Changes in ultra-structures and electrophysiological properties in HVC of untutored and deafened Bengalese finches relation to normally reared birds: implications for song learning.

Songbirds are increasingly used as an experimentally tractable system to study the neurobiological underpinnings of vocal learning. To gain additional insights into how birdsongs are learned, we compared the size of HVC, the high vocal center for song production, and its ultrastructural or electrophysiological properties between the normally reared Bengalese finches, and the untutored or deafened ones before the onset of sensory learning (around post-hatching day 20). Our results showed that HVC had more synapses and concave synaptic curvature, but fewer perforated synapse, in the untutored or deafened birds in comparison with those in the normally reared birds. Although there was no significant difference of the ratio of straight or compound synapses, there was an increasing tendency for the untutored and deafened birds to possess more straight and compound synapses. These data revealed that synapses in the isolated or deafened birds had lower synapse activity in relation to those with normal hearing. This was confirmed by our electrophysiological results to show significant decreases in the firing rates of spike or burst in the isolated or deafened birds in the three types of HVC neurons i.e., putative X-projecting neurons, RA-projecting neurons and interneurons. In addition, low firing frequency (<10Hz) occurred much more in the above three types of HVC neurons in the tutored or deafened birds than in the normally reared birds. These data suggest that all the three putative types of neurons in HVC might be involved in the activity of the production of adult normal songs.

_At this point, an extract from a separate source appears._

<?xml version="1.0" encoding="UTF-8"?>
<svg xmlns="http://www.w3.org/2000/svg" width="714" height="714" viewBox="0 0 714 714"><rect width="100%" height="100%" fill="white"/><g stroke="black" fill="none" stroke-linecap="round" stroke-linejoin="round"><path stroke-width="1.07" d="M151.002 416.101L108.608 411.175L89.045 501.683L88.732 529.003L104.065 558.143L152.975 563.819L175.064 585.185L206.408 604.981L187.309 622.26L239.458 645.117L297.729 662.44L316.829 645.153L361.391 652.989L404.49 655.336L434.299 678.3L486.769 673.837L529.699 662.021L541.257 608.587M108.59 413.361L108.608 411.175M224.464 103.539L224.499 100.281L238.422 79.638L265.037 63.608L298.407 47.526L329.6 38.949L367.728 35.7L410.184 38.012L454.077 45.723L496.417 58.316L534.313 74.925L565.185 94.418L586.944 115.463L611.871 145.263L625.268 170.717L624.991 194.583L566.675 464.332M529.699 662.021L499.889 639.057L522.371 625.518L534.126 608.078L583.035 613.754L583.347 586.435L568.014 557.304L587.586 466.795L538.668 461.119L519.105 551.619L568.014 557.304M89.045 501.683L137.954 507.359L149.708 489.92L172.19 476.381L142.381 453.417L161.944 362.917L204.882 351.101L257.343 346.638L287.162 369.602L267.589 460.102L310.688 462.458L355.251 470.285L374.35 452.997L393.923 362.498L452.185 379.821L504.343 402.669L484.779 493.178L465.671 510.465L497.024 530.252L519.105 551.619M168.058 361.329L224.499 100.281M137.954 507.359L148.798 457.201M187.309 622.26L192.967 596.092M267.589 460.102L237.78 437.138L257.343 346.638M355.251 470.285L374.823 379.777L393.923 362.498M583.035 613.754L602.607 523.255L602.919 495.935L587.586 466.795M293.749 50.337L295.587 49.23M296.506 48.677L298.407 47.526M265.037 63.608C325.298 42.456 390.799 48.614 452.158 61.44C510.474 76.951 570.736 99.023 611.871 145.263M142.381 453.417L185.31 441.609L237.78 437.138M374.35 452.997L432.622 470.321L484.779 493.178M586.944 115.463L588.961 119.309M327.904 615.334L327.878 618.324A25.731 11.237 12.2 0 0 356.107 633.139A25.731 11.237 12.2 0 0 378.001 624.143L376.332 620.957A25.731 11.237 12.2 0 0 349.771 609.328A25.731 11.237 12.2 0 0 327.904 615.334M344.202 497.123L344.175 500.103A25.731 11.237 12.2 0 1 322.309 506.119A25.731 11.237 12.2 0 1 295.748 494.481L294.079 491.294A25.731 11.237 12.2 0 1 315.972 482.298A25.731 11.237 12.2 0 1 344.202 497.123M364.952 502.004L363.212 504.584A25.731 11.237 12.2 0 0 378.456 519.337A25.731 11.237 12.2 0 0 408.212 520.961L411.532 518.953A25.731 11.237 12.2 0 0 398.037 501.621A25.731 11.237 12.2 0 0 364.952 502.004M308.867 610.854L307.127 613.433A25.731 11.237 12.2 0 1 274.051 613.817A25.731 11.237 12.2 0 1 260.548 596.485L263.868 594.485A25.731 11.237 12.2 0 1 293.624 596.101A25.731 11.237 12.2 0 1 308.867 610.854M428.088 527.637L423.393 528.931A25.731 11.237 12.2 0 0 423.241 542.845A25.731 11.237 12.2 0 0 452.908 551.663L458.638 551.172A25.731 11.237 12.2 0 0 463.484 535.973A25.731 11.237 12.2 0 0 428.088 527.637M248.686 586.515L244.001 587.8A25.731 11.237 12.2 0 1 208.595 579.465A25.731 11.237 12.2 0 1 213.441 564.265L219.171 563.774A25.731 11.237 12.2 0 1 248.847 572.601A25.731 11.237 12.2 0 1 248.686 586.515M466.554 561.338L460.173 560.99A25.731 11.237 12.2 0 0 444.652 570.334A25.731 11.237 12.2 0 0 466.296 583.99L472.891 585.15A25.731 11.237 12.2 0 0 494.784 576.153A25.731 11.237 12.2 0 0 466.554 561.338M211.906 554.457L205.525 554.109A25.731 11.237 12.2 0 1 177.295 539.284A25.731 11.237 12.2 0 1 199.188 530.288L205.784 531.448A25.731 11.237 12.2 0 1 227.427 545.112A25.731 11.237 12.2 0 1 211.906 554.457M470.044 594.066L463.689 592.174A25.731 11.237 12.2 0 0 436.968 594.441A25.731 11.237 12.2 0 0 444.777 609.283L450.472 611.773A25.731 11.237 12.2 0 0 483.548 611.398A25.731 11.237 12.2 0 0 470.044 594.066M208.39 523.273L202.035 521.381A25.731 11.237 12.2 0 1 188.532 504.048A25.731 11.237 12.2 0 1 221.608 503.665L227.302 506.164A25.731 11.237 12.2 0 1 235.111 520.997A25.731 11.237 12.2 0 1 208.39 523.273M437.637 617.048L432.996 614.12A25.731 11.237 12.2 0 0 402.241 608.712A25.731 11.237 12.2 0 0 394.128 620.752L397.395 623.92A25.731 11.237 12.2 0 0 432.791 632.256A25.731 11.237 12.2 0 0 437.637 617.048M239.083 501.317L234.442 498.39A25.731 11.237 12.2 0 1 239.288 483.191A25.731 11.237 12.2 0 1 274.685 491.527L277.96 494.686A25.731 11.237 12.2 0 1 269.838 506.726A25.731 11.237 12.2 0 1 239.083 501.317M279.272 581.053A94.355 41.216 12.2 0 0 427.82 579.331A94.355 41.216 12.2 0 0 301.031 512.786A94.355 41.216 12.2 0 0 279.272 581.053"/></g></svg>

Comparative study on song behavior, and ultra-structural, electrophysiological and immunoreactive properties in RA among deafened, untutored and normal-hearing Bengalese finches.

To gain additional insight into how a birdsong is learned, we compared the songs of Bengalese finch males that were deafened early in development or raised without tutors to control finches that learned songs from adult models. Fewer note types and a more variable number of notes per bout were observed in untutored male songs, and no audible songs were detected in deafened males. We then investigated the ultrastructural, immunohistological, and electrophysiological correlates of the outcomes of song learning within the robust nucleus of the archopallium (RA), a forebrain nucleus for song production. In comparison to control birds, untutored and deafened birds had more synapses per unit volume, fewer vesicles per synapse, longer postsynaptic densities, and a lower proportion of perforated synapses, which suggest lower activity or decreased efficiency of synaptic transmission within the RA of the treated birds. For anesthetized birds, neurons within the RA of untutored and deafened males had lower spontaneous firing rates, fewer and shorter bursts, and higher coefficient of variation of the instantaneous firing rate than the normally reared males. Compared with controls, the untutored and deafened males had higher staining intensities within the RA of GABA and the GABA(A) receptor, less staining of tyrosine hydroxylase and no difference in the staining of NMDA receptors. Thus, both the ultrastructural and immunohistochemical results could explain for the stronger electrophysiological activities in normally reared birds. Because RA is involved in generating the motor commands, these data might account for the deficits in birds with abnormal song learning.